We have a cluster configured with 5 logstash servers and 30 ES servers. A single host is exporting logs from a single file across the 5 logstash servers in a load balanced configuration using the filebeat logstash output. (load_balance: true, worker: 2)
When this was originally configured using ELK 6.2 we were seeing an ingest rate of about 96k events per second max. In recent weeks the volume of logs started to go up and our stack started to fall behind. We upgraded filebeat, logstash, es, and kibana to the latest 6.x version and noticed a drop in ingest rates to around 60k/second.
Now the odd thing is, because our stack can't keep up we've started seeing log rotation come into play. The filebeat service will fall far enough behind that it will often be reading from the current log file as well as 1 or 2 rotated log files before they are compressed and archived.

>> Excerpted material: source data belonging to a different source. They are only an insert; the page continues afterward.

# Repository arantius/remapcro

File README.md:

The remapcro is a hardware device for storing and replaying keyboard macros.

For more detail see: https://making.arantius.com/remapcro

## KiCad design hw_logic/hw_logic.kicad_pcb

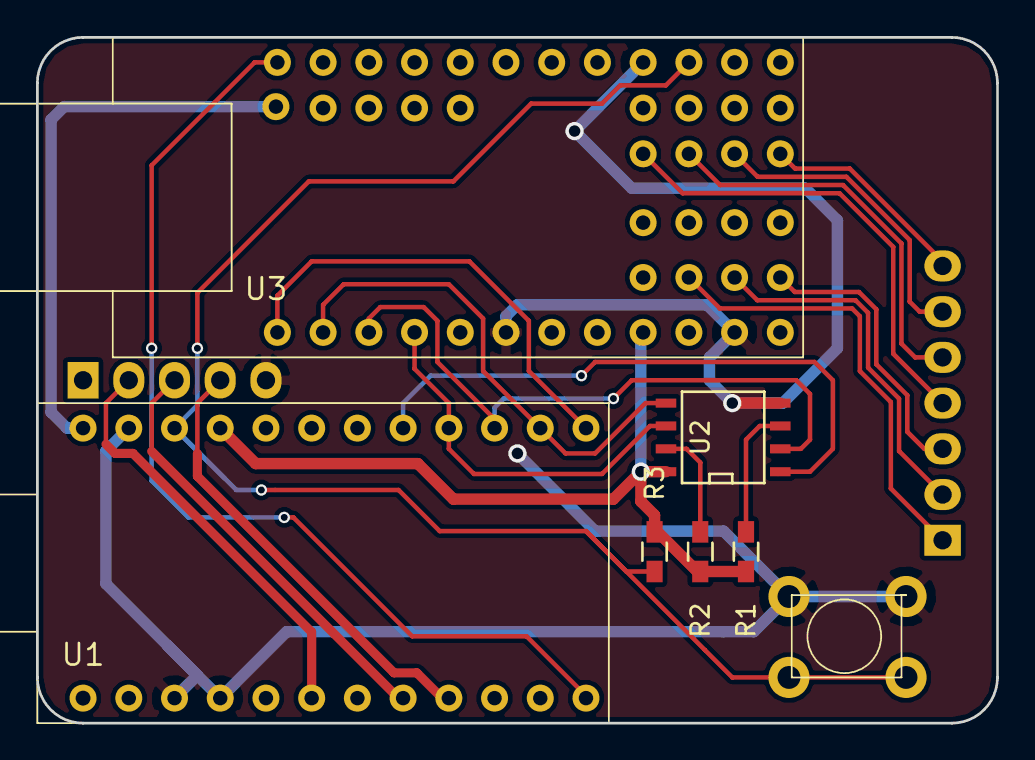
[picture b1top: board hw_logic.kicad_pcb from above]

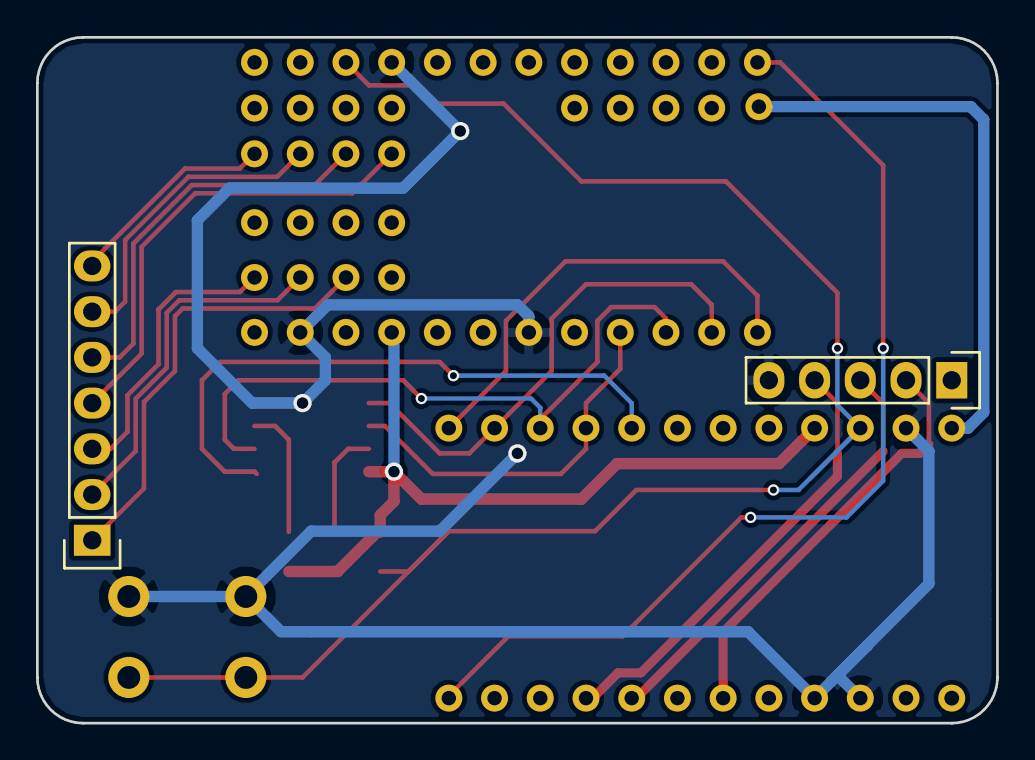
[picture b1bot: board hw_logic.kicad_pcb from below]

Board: 2 copper layers, 53.3 x 38.1 mm, 9 parts (2 on the bottom side), 22 nets.

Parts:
P1: CONN_01X05; Pin_Header_Straight_1x05
P2: CONN_01X07; Pin_Header_Straight_1x07
R1, R2, R3: 4k7; R_0603_HandSoldering
SW13: SW_PUSH; SW_TACTILE_THT
U1: LEO_PRO_MICRO
U2: IS25LQ; SOIC-8-N
U3: USB_HOST_SHIELD_MINI; UHS_MINI

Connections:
+3V3: R1.1, R2.1, R3.1, U1.21, U2.8, U3.9
+5V: U1.24, U3.25
/FLASH_SS: U1.17, U2.1
/GI0: P2.3, U3.30
/GI1: P2.2, U3.31
/GI2: P2.1, U3.32
/GO0: P2.7, U3.38
/GO1: P2.6, U3.39
/GO2: P2.5, U3.40
/GO3: P2.4, U3.41
/LED_B: P1.2, U1.6
/LED_G: P1.3, U1.8
/LED_R: P1.4, U1.9
/MISO: U1.15, U2.2, U3.3
/MOSI: U1.14, U2.5, U3.2
/RST: R3.2, SW13.1, U1.22, U3.15
/SCK: U1.16, U2.6, U3.4
/USB_INT: U1.12, U3.24
/USB_SS: U1.13, U3.1
GND: P1.5, SW13.2, U1.3, U1.4, U1.23, U2.4, U3.6, U3.11, U3.16
unnamed: R1.2, U2.3
unnamed: R2.2, U2.7

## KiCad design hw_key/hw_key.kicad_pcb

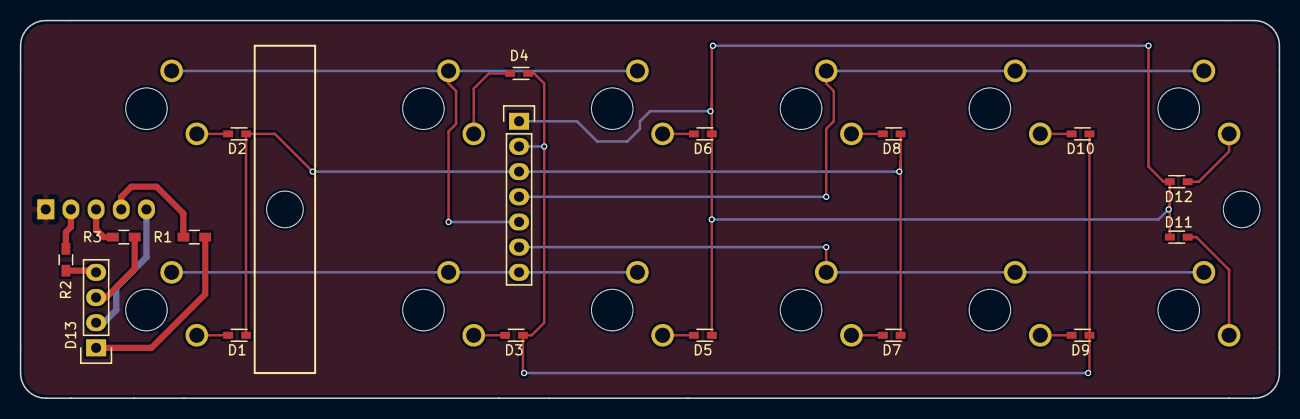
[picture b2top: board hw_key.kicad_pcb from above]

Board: 2 copper layers, 127.0 x 38.1 mm, 30 parts (1 on the bottom side), 26 nets.

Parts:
D1, D2, D3, D4, D5, D6, D7, D8, D9, D10, D11, D12: D; SOD-523-handsoldering
D13: LED_RABG; Pin_Header_Straight_1x04
P1: CONN_01X07; Pin_Header_Straight_1x07
P2: CONN_01X05; Pin_Header_Straight_1x05
R1, R2, R3: 330; R_0603_HandSoldering
SW1, SW2, SW3, SW4, SW5, SW6, SW7, SW8, SW9, SW10, SW11, SW12: SW_PUSH_SMALL_H; CHERRY_MX

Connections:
+3V3: D13.2, P2.5
/LED_B: P2.2, R2.2
/LED_G: P2.3, R3.2
/LED_R: P2.4, R1.2
/kC0: P1.7, SW1.1, SW3.1, SW5.1
/kC1: P1.6, SW7.1, SW9.1, SW11.1
/kC2: P1.5, SW2.1, SW4.1, SW6.1
/kC3: P1.4, SW8.1, SW10.1, SW12.1
/kR0: D1.1, D2.1, D7.1, D8.1, P1.3
/kR1: D3.1, D4.1, D9.1, D10.1, P1.2
/kR2: D5.1, D6.1, D11.1, D12.1, P1.1
unnamed: D1.2, SW1.2
unnamed: D2.2, SW2.2
unnamed: D3.2, SW3.2
unnamed: D4.2, SW4.2
unnamed: D5.2, SW5.2
unnamed: D6.2, SW6.2
unnamed: D7.2, SW7.2
unnamed: D8.2, SW8.2
unnamed: D9.2, SW9.2
unnamed: D10.2, SW10.2
unnamed: D11.2, SW11.2
unnamed: D12.2, SW12.2
unnamed: D13.1, R1.1
unnamed: D13.3, R3.1
unnamed: D13.4, R2.1

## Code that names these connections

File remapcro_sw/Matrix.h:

#define MATRIX_POLL_PERIOD 16
#define MATRIX_MACRO 0

// When storing a macro on a key from the "real" keyboard, we use the HID
// ID of its key to store the macro sector (in EEPROM).  When storing the
// macro sector for a matrix key, we want to use an ID that won't conflict
// with those "real" keys.  There's just one byte, and most of the
// possible values are taken.  The space for F13 through F24 starts at
// 0x68 and we have twelve (well, eleven ...) possible matrix keys.
// Seems like a perfect space to reuse.
#define MATRIX_MACRO_OFFSET 0x68


#define PIN_LED_R 6
#define PIN_LED_G 5
#define PIN_LED_B 3

enum class LedColor : byte { off, red, green, blue, yellow };

uint8_t ledBlinking = 0;
LedColor ledColor = LedColor::off;


void initMatrix();
void keyMatrixRead();
void lightLed(LedColor c);

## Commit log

2016-08-16 Initial basic USB host demo.
    Just dumps HID data to Serial, and twiddles LEDs.
2016-08-20 esp compatible baud rate
2016-08-20 two-part basic data shunt
2016-08-20 successful data pass thru to keyboard!
2016-09-10 Independent software.
    Forwards USB keyboard, reads and prints matrix.
2016-09-10 USB host and key matrix step 1
    USB keyboard is proxied, matrix is read, both emit key event debugging.
2016-09-10 Both keyboards are proxied
2016-09-10 shorter file name
2016-09-10 More dev-only output.
2016-09-10 send error reports
2016-09-22 Beginning framework for macro recording.
2016-09-28 various small cleanups
2016-09-28 prep for storing macros
2016-10-14 Flash string macros.
2016-10-14 Begin layout for raw flash chip I/O.
2016-10-16 record and store macro data
2016-10-16 read/dump to serial macro data, other debugging cmds
2016-10-16 repeat * cancels macro record
2016-10-16 replay macros
2016-10-16 handle keypress simplification
2016-12-12 macro-during-macro bug fix
2016-12-16 first hardware commit
    component for UHS mini
2016-12-16 erase new "unused" sectors as they are selected
2016-12-16 repair macro saves and lookups, modifiers, replay
2016-12-16 faster replay, light led during
2016-12-16 enhanced serial debugging commands
2016-12-16 don't wait forever for serial
    wait a little while, in case I'm really interested, but give up so the
    keyboard features will work even if I never open the serial port
2016-12-16 start message first
2016-12-16 Correctly initialize reportErr.
2016-12-16 debug command for dumping current report
2016-12-16 Remove unused KeyEvent struct
2016-12-16 add some footprints, bare schematic
2016-12-16 UsbDev: specific enable-debugging-define
2016-12-16 tiny schematic tweaks
2016-12-16 cherry mx switches added
2016-12-16 fix uhs mini footprint pin numbers
2016-12-16 circular pads
2016-12-16 rst switch, pcb layout
2016-12-16 more pcb layout
    probably fab as two separate boards!
2016-12-16 pin/net fixes
    custom component, bad definitions
2016-12-29 tweaks including hand-solderable SMD diode
2016-12-29 Split logic & key boards to separate projects.
2016-12-29 misc, rst button 3d model
2016-12-29 clean up traces, ground fills
2017-01-01 mounting holes
2017-01-01 resolve mysterious scope problem
2017-01-02 move usb init to relevant file
2017-01-02 correct pin layouts
    as per breadboard test
2017-01-02 hole position, corner rounding size
2017-01-04 revamp boards (for assembled height)
    flip logic over so that it can mate closely with key; reset button moves
    to same side as all the other parts; board assembly down to ~16mm high
    and assembly more easily lends itself to angling for even less height at
    the front for slightly more in the back
2017-01-07 final PCB revisions
    plus the start of a case to hold them
2017-01-20 case designs in three and two parts
    for 3D printing
2017-01-20 Notes from first assembly.
    Issues discovered + tweaked LED current limiting resistors based on observation. (Duh, the colors have different forward voltages, need different resistor values.)
2017-01-20 Update for real hardware.
    * Key layout: two columns of six keys.
    * Pins for LED and chip enable(s).
    * (Basic) RGB led support.
    * Flash chip test output at init.
2017-01-20 more consistent DBG define naming
2017-01-21 tweaked case files
    fits the original misaligned PCB, except I had to cut a bit off the
    bottom of the back piece (!?)
    measuring along the height of the back of the main case I get 30.4mm
    with my calipers, but the sketchu model height is 31.9 -- 1.5mm more,
    just about exactly what I cut off.
    hard to explain; my 3d printer's Z is miscalibrated?
2017-01-21 Wrap all debug defines with a global one.
    Also disable all of them with it.
2017-01-21 init() for flash and host both act similarly
2017-01-24 Always include serial commands.
2017-01-24 Init KeyboardPlus in UsbDev::init().
    It's part of being the USB device, after all.
2017-01-24 Don't twiddle the built in LED on USB activity.
2017-01-24 syntax error: missing close paren
2017-01-24 Rename handleMacroKey() for clarity.
    It handles all keys, during recording. Not the macro key itself.
2017-01-24 Allow erasing a macro.
    By recording one with no length, if a key was selected.
2017-01-28 UsbHost: check for press and release in one loop.
2017-01-28 Use UHS shield library's keyboard parser.
    Turn off its debugging, as this part is very verbose.
2017-01-28 Simpler/more efficient keyboard report generation.
    It's okay to mix nulls and values, so don't put effort into shuffling the values all to the front/nulls to the back.
2017-01-28 More efficient macro replay.
    Like when generating interactive reports, don't obsess about putting all the values in the front of the buffer.
2017-01-28 Parameterize block read size during macro replay.
2017-01-28 Larger flash block read size during macro replay.
2017-01-28 Disable serial debugging output.
2017-01-29 OpenSCAD case.
    Beginnings.
2017-01-29 Media key notes.
2017-01-29 Macro replay speed tweak.
2017-01-29 More case details.
    Holes in mock key PCB, peg and support line up, PCB to module.
2017-01-29 Case top: misaligned PCB workaround, bottom place inset.
2017-01-29 rename key_pcb.scad -> pcbs.scad
2017-01-29 Case: Also model logic PCB position.
2017-01-29 Logic PCB: Fix connector P2 position, swap LED power line.
    A better fix would also swap around the LED on the "key" board, but this reduces bodge needs without respinning that board.
2017-01-29 Sub-boards on silkscreen layer.
2017-01-29 Remove sketchup based case models.
2017-01-30 Finish bottom, including holes.
2017-01-30 tweak bottom overhang, generate STLs
2017-01-30 Fix screw head hole, broken by height adjustment.
2017-02-14 Only enter modifier mode when not in it.
2017-02-14 Properly release keys in macro replay.
    If the order is ABABBB that means: press A, press B, release A, release B, press B, release B.
    Before this, the second B would be pressed into the slot just released for the A, rather than releasing the existing pressed B.
2017-03-20 Revert "Remove sketchup based case models."
    At least for my first skewed boards, it might still work better.
2017-03-20 Remove verbose media key notes.
2017-03-20 Add license.
2017-03-20 Add readme.

While reading from the one file we get the aforementioned 60k/sec ingest rate, but when the logs are rotated and filebeat is reading from 2 or more files at a time the ingest rate jumps up to 80k+/sec. All of the files are located on the same physical partition (AWS NVME) so I don't think it's an iOPS limit we're hitting.
I've tried playing with various settings including:
- queue.mem.events
- queue.mem.flush.min_events
- queue.mem.flush.timeout
- bulk_max_size
- pipelining
- compression
- worker
But none of these seem to improve at all upon the 60k/sec ingest rate. Now we know the stack itself can handle a higher rate, as it floats along just fine when multiple files are being read.
Due to this problem we're looking at moving away from filebeat to a direct syslog->logstash flow. But in the meantime I'd really like to figure out a way to match the performance we see when reading from multiple files vs. one file. Any thoughts on why we'd see a 30% gain in performance when reading from more than one file?